Li Jianli melihat sekitarnya dan tatapannya jatuh pada sebuah pohon yang sangat besar. Pohon itu sangat tinggi, rimbun dan terlihat gagah. Di bawahnya, terlihat sebuah lubang dangkal yang cukup besar. Li Jianli yakin, patung Dewa Bumi akan masuk ke dalamnya.

Li Jianli mengambil patung Dewa Bumi dan meletakkannya ke dalam lubang pohon. Itu tidak menyembunyikan patung Dewa Bumi namun bisa melindunginya dari panas dan hujan. Sangat pas dan cocok!

Li Jianli melihat tampilan patung Dewa Bumi yang masih Kotor dengan tanah. Setelah beberapa saat, dia bersujud 3 kali dan berdoa, "Dewa Bumi, aku berjanji akan datang lagi dan membersihkanmu nanti. Sekarang, aku harus pergi ke sungai untuk menangkap ikan agar keluargaku bisa makan. Berkatilah aku."

Li Jianli bangkit berdiri setelah berdoa. Dia melanjutkan berjalan mengikuti suara air. Benar saja, setelah berjalan selama 3 menit, dia bisa menemukan sebuah sungai yang sangat jernin. Sungai itu hanya selebar 2 meter namun tidak dalam. Itu hanya mencapai lutut Li Jianli.

Ketika Li Jianli melihat ke dalam air, matanya berbinar terang. Keong sungai! Sangat banyak dan besar! 

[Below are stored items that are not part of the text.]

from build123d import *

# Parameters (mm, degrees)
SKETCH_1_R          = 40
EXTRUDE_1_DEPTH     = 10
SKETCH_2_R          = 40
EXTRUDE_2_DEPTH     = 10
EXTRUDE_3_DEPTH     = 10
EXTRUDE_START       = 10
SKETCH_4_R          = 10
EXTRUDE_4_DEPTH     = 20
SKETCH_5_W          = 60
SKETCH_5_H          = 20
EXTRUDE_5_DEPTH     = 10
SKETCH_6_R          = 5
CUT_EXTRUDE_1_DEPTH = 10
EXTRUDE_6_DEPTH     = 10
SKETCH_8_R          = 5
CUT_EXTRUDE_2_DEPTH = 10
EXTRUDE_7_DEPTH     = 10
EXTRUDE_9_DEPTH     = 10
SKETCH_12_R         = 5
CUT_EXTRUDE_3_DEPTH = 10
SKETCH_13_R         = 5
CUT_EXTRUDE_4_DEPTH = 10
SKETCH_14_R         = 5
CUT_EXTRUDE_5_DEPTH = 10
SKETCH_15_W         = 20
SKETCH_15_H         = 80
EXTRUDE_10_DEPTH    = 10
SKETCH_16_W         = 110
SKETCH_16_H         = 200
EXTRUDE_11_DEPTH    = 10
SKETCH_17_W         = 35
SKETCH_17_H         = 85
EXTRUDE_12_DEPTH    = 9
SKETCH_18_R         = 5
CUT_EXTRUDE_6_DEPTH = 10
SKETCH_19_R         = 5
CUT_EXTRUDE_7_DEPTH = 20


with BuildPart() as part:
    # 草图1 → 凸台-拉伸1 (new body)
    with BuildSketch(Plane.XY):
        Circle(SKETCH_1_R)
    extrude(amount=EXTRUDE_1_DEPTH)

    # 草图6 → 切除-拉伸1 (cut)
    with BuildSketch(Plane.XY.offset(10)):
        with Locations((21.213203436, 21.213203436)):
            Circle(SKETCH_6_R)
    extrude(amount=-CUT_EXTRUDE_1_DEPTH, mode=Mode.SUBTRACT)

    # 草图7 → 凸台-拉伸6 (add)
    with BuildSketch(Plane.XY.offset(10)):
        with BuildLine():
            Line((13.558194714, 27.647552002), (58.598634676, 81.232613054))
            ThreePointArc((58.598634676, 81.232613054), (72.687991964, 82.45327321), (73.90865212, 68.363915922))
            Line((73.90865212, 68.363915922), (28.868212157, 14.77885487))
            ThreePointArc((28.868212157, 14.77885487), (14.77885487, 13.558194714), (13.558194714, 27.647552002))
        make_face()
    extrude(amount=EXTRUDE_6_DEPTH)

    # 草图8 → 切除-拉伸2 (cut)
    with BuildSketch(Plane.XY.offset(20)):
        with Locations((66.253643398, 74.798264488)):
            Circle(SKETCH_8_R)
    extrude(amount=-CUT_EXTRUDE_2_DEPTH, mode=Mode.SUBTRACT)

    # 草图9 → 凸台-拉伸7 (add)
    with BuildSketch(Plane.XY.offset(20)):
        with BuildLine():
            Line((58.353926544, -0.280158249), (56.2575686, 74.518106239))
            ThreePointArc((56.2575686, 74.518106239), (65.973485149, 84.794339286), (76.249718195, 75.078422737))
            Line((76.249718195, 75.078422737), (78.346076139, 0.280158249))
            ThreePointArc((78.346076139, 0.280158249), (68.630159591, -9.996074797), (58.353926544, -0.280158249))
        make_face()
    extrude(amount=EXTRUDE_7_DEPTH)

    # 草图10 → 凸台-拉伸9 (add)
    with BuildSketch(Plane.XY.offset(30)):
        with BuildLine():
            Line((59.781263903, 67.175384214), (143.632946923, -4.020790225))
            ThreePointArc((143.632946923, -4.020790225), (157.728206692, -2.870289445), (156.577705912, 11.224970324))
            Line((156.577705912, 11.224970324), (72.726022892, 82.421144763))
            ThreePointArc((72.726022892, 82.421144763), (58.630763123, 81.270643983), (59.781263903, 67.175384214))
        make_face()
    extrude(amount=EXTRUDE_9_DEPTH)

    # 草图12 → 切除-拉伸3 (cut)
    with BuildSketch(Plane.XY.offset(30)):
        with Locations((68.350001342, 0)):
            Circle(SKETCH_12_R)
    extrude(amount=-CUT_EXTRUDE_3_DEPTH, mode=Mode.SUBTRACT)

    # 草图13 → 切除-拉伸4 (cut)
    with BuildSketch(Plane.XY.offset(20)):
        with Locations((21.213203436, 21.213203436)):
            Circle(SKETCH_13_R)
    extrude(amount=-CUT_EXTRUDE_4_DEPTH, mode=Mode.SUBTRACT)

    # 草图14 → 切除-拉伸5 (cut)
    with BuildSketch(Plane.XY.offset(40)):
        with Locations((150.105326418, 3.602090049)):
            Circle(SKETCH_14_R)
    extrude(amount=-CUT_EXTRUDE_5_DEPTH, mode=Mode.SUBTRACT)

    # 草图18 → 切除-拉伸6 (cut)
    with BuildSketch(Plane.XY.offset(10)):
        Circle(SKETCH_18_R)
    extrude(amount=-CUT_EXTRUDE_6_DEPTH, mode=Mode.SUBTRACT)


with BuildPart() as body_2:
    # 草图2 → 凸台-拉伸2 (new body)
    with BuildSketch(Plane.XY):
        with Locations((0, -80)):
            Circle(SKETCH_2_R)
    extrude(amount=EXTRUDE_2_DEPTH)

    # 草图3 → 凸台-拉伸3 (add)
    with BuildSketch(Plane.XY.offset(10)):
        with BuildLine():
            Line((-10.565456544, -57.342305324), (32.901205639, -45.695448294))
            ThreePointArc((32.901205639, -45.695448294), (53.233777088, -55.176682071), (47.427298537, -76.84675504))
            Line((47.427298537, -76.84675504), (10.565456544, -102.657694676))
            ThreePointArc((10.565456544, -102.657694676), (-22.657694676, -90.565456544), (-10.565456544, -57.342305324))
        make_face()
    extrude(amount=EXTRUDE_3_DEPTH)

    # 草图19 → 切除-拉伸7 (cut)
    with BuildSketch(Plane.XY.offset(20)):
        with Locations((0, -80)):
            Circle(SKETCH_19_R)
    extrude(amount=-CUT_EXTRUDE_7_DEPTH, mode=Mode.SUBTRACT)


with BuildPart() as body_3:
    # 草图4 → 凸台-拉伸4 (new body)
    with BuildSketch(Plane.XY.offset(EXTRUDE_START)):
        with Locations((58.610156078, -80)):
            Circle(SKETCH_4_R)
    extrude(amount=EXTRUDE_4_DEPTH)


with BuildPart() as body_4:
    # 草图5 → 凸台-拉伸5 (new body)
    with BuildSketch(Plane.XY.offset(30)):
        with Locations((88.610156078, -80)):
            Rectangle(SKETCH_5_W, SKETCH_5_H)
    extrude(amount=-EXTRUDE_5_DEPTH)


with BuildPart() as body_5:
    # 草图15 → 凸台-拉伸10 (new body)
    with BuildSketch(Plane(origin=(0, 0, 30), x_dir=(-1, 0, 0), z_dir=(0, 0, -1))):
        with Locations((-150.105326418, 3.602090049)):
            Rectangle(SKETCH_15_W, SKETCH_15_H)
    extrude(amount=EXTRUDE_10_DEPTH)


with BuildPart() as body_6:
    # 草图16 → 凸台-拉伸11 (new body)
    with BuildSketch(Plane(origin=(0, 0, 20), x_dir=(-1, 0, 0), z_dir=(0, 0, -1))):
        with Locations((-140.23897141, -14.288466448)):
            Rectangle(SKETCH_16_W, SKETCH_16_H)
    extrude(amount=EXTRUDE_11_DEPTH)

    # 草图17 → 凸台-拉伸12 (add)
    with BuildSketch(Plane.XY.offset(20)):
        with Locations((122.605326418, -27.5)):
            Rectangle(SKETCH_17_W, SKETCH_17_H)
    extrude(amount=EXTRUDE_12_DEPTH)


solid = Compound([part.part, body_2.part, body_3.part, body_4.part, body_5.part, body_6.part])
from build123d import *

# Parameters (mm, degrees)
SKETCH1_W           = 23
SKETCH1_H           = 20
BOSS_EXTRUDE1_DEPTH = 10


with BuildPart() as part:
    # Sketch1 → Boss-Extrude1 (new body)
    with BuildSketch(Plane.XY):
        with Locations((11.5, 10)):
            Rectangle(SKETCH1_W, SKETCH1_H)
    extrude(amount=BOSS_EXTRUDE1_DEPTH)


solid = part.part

Li Jianli bergegas mengisi tembikar dengan air dan mulai memasuki sungai untuk mengambil keong sungai. Hanya dalam sekejap, tembikar yang di awanya hampir setengah penuh. Li Jianli bisa melihat banyak ikan yang sangat gemuk sesekali melewatinya tanpa takut. Mungkin karena orang-orang tidak pernah menangkap mereka, ikan-ikan itu menjadi tidak waspada dengan manusia.

Li Jianli berpikir sejenak, bagaimana caranya dia menangkap mereka? Bisakah dia menggiring mereka ke sisi sungai dan menangkapnya? Akankah begitu mudah?